Приветствую тебя, Кавказ седой!
Твоим горам я путник не чужой:
Они меня в младенчестве носили
И к небесам пустыни приучили.
Основание этого поэтического обращения взято из действительности. В доказательство тому привожу свидетельство «Отечественных записок» Свиньина (1825 г., август, № 64). Там напечатан присланный издателем с Кавказских минеральных вод список посетителей и посетительниц, прибывших туда по июль 1825 года, и на стр. 260 под № № 57, 58, 59, 60, 61 и 62 показаны: «Арсеньева Елизавета Алексеевна, вдова, поручица из Пензы, при ней внук Михайло Лермантов, родственник ее Михаило Пожогин, доктор Ансельм Левиз, учитель Иван Капа, гувернерка Христина Ремер».

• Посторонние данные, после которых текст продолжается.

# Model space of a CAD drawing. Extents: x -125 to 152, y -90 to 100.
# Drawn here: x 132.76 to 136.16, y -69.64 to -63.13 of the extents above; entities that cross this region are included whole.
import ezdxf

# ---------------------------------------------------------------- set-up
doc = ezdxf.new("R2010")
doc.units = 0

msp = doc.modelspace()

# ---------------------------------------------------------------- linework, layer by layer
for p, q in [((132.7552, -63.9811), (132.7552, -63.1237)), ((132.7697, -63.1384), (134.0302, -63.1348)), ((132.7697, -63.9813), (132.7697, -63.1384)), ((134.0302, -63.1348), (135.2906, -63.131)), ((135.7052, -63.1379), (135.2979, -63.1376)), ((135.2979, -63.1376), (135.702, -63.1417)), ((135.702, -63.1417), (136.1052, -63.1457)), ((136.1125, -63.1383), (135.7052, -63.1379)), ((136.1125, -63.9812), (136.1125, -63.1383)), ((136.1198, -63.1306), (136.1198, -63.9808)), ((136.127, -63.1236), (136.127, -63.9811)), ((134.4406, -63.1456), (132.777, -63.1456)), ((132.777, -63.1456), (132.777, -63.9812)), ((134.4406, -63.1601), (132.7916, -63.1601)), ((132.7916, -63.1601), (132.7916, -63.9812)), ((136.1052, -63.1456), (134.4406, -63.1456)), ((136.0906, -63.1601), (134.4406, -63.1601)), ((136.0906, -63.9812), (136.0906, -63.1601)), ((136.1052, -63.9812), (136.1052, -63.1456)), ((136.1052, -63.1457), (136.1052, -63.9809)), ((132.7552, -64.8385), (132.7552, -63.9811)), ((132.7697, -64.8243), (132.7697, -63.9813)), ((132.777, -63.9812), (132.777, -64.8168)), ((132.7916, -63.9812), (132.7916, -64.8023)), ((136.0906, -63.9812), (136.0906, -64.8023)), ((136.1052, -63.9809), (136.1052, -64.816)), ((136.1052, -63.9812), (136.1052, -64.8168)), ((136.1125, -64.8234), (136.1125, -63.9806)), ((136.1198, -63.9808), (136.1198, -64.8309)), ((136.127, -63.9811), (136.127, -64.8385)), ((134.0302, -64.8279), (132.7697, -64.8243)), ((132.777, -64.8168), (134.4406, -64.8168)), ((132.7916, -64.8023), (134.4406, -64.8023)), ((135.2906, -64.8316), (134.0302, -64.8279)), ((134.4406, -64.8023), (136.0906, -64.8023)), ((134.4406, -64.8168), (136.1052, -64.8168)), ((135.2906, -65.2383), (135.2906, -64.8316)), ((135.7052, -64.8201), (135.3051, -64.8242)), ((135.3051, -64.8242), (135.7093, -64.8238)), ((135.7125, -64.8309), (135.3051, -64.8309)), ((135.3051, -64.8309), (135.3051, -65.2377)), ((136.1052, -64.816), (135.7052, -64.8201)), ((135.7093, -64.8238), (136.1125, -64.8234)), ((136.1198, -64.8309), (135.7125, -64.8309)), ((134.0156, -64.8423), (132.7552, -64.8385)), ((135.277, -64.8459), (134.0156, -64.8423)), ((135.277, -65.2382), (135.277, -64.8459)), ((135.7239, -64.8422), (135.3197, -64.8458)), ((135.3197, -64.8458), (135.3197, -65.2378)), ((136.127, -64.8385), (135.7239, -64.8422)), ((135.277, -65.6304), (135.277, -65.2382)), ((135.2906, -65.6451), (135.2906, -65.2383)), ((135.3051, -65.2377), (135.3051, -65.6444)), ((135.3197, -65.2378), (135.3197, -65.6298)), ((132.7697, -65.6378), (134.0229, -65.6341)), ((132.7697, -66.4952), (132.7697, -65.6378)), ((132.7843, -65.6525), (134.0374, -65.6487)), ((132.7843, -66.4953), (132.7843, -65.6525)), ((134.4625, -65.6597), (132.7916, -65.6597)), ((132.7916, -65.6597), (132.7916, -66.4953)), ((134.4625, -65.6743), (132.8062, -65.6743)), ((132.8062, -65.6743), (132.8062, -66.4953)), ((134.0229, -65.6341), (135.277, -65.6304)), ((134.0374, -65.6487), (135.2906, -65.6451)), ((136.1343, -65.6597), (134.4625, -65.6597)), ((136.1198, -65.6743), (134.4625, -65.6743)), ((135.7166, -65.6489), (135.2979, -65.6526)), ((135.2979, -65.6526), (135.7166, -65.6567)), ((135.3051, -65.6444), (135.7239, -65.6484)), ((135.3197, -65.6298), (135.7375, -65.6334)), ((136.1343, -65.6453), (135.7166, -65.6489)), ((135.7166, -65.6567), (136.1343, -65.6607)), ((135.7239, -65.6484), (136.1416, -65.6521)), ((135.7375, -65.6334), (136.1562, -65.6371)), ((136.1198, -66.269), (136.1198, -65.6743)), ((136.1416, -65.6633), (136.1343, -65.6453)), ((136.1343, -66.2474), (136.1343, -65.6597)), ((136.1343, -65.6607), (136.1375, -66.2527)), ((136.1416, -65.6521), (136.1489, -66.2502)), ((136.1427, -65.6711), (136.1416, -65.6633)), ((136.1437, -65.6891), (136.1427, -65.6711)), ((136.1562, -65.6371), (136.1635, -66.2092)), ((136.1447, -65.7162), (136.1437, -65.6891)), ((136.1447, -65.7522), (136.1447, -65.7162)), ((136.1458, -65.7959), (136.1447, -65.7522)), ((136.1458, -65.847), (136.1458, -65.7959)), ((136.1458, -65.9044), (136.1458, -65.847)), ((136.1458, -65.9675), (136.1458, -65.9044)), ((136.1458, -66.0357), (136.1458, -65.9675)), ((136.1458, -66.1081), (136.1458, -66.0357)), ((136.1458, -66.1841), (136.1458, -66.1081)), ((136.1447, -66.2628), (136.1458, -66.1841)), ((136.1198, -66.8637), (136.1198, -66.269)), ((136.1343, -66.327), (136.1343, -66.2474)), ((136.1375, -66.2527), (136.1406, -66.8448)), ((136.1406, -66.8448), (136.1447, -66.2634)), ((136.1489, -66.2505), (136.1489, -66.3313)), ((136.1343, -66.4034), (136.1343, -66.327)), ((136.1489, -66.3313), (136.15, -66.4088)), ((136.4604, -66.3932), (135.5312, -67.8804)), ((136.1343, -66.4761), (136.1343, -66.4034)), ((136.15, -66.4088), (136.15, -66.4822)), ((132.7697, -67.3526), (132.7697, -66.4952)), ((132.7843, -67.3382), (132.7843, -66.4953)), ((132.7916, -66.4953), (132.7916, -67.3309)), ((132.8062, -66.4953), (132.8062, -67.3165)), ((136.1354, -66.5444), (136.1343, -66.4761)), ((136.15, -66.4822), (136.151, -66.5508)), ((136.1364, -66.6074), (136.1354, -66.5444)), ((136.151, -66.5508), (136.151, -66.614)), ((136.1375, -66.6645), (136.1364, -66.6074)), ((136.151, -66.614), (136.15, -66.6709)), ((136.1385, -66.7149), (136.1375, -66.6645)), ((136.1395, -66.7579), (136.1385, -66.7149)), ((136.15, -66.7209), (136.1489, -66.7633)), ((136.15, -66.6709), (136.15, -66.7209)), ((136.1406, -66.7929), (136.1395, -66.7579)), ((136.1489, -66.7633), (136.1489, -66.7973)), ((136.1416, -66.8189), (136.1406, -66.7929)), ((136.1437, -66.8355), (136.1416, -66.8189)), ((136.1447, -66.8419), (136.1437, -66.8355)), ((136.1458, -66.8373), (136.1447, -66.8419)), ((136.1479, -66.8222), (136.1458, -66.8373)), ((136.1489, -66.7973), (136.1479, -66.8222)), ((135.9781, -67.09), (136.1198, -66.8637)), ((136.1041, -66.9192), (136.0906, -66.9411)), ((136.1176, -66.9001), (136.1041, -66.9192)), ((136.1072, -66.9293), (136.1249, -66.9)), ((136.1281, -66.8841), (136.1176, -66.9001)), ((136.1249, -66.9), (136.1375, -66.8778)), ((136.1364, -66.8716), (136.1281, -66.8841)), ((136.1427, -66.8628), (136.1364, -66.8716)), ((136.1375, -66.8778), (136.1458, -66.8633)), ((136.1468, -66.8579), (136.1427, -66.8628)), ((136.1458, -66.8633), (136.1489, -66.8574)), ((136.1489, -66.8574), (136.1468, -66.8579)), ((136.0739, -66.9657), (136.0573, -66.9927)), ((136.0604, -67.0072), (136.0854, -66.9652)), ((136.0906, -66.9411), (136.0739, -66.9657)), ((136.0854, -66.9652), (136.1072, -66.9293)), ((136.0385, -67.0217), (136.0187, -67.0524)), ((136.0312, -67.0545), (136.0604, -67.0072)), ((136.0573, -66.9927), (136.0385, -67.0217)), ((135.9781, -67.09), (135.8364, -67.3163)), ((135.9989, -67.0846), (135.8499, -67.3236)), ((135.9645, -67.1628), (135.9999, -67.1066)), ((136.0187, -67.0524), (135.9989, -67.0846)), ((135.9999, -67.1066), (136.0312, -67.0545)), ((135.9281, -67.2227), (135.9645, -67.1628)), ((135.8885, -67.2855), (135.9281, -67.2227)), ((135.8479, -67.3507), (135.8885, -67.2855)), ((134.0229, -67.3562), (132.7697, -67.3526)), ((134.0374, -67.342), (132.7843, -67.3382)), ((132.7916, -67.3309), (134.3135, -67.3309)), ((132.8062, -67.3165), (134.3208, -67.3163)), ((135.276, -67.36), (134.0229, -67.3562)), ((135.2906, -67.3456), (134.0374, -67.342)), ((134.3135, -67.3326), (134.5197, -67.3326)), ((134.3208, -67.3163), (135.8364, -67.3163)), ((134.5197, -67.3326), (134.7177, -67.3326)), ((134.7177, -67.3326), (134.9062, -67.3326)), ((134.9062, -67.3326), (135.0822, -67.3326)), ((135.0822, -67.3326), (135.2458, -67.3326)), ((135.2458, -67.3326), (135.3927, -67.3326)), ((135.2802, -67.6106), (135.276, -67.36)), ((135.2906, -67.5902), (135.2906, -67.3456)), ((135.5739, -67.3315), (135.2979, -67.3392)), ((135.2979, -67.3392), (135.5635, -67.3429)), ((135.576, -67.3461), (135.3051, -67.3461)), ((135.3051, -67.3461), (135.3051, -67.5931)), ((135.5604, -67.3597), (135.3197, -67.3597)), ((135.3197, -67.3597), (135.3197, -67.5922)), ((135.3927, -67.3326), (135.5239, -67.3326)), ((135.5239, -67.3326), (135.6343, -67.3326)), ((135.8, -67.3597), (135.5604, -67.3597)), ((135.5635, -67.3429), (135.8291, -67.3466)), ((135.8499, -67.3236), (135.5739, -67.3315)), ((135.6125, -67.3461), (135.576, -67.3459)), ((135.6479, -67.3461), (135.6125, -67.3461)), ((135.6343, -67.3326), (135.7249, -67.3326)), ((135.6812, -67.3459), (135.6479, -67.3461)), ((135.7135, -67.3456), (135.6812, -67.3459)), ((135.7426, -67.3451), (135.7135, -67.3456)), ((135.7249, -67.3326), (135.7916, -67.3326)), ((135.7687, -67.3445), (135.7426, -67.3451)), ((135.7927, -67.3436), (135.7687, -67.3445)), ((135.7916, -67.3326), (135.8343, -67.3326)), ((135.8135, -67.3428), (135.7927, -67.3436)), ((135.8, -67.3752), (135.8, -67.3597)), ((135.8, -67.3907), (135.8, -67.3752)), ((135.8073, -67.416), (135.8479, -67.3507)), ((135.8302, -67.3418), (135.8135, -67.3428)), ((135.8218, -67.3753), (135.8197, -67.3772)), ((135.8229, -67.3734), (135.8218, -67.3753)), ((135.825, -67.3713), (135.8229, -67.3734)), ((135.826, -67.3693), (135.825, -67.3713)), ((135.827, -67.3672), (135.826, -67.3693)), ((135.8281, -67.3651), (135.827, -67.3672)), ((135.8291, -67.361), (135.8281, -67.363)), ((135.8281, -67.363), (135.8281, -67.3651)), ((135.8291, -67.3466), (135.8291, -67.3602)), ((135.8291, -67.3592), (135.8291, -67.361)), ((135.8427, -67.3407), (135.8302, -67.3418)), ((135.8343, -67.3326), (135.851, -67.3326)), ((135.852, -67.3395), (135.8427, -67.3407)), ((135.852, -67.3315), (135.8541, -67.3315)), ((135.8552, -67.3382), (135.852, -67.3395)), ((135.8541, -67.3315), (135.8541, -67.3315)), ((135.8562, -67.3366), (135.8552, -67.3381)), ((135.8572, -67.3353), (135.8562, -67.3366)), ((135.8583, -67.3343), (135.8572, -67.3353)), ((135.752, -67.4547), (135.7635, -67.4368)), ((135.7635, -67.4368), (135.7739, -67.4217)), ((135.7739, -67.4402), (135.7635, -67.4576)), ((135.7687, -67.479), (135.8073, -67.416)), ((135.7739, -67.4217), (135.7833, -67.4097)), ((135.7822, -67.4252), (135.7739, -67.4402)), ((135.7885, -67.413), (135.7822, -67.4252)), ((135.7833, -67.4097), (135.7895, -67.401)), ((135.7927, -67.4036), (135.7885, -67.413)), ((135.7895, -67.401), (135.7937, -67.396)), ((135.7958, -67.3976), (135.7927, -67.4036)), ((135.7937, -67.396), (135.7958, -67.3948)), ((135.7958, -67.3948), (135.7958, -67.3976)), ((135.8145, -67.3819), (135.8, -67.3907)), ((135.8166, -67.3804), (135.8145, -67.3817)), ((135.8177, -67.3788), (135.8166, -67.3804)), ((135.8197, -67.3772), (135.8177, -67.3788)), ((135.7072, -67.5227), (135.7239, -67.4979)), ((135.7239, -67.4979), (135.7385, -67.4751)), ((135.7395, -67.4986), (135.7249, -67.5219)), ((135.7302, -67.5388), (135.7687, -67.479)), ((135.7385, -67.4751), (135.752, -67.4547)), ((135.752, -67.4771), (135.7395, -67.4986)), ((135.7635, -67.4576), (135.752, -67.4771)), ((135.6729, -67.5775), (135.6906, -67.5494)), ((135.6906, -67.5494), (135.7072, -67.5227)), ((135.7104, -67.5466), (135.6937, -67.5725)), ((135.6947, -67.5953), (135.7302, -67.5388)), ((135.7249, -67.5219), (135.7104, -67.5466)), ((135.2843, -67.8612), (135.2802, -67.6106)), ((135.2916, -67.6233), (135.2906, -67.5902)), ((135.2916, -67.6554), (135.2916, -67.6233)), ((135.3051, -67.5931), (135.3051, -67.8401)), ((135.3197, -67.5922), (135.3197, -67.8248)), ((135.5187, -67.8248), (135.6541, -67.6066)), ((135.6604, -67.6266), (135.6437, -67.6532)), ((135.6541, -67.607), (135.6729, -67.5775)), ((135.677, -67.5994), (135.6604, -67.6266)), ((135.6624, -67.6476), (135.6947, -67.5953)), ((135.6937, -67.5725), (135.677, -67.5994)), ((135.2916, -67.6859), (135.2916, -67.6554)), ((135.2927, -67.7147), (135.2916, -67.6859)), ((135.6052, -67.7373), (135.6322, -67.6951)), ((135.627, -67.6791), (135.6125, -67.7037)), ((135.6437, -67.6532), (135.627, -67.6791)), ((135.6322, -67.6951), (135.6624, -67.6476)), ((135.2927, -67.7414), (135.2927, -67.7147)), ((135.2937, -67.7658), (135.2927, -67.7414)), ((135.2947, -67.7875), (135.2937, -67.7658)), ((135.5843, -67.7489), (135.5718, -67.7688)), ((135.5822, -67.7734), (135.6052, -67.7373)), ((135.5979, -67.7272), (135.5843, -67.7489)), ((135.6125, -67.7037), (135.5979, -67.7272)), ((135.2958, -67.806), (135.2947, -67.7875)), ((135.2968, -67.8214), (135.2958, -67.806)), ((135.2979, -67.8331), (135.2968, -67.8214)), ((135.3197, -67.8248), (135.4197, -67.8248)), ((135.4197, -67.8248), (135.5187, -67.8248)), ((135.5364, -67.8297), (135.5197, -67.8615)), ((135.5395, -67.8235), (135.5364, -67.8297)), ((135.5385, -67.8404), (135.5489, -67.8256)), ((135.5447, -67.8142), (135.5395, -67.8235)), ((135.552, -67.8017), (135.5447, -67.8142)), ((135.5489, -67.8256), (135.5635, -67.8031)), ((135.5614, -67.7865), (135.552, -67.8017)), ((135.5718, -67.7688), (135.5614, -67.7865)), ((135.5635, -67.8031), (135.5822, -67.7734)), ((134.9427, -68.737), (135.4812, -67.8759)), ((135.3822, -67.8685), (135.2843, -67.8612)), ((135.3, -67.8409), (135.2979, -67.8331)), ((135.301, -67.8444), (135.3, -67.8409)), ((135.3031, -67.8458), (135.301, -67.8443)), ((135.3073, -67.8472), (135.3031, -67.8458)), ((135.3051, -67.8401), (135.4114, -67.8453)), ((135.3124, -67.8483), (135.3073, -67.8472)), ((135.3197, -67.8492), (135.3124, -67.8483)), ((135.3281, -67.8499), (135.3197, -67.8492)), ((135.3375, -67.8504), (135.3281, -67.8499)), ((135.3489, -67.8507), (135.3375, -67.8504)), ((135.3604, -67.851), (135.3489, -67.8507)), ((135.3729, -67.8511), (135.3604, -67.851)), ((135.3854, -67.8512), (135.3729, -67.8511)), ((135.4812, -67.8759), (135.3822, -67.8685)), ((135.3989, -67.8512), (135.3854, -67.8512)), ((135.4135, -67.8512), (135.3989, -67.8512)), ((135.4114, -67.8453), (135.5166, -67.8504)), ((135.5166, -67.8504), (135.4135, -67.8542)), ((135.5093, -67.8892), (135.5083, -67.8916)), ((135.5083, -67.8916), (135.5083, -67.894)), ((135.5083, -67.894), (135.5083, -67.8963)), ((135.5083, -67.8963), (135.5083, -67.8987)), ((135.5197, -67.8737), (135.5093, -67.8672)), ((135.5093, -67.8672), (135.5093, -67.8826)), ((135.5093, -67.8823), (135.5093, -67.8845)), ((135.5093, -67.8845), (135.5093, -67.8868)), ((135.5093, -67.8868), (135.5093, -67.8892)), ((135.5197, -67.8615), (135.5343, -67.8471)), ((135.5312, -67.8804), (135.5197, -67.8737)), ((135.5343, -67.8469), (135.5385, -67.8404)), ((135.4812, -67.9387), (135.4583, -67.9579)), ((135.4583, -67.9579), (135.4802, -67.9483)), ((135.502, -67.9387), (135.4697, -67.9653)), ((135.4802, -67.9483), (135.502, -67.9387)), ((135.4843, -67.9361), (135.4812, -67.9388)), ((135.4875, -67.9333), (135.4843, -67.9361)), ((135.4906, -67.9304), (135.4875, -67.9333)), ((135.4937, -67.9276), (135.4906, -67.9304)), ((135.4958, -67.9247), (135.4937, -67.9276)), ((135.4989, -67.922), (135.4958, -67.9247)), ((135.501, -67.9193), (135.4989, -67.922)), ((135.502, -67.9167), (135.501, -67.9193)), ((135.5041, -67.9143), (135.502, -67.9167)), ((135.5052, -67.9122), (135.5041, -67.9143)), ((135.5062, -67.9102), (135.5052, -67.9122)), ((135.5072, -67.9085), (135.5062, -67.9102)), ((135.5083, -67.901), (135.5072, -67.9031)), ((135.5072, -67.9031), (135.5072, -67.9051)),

Лермонтов родился в доме у своей бабушки Е. А. Арсеньевой, урожденной Столыпиной. Мать Лермонтова, Марья Михайловна, была единственная дочь ее от супружества с Михайлом Васильевичем Арсеньевым. Выйдя замуж за Юрия Петровича Лермонтова, она прожила недолго, и после нее будущий поэт остался лет двух от роду. Нежность Елизаветы Алексеевны, лишившейся единственной дочери, перенеслась вся на внука, и Лермонтов до самого вступления в юнкерскую школу (1832) жил и воспитывался в ее доме. Она так любила внука, что к ней можно применить выражение: «не могла им надышаться», и имела горесть пережить его. Она была женщина чрезвычайно замечательная по уму и любезности. Я знал ее лично и часто видал у матушки, которой она по мужу была родня. Не знаю почти никого, кто бы пользовался таким общим уважением и любовью, как Елизавета Алексеевна. Что это была за веселость, что за снисходительность! Даже молодежь с ней не скучала, несмотря на ее преклонные лета. Как теперь, смотрю на ее высокую, прямую фигуру, опирающуюся слегка на трость, и слышу ее неторопливую, внятную речь, в которой заключалось всегда что-нибудь занимательное. У нас в семействе ее все называли бабушкой, и так же называли ее во всем многочисленном ее родстве. К ней относится следующий куплет в стихотворении гр. Ростопчиной «На дорогу М. Ю. Лермонтову», написанном в 1841 году, по случаю последнего отъезда его из Петербурга и напечатанном в «Русской беседе» Смирдина, т. II. После исчисления лишений и опасностей, которым подвергается отъезжающий на Кавказ поэт, в стихотворении этом сказано:
Но есть заступница родная,
С заслугою преклонных лет:
Она ему конец всех бед
У неба вымолит, рыдая.
К несчастию, предсказание не сбылось. Когда эти стихи были напечатаны, Лермонтова уже полгода не было на свете.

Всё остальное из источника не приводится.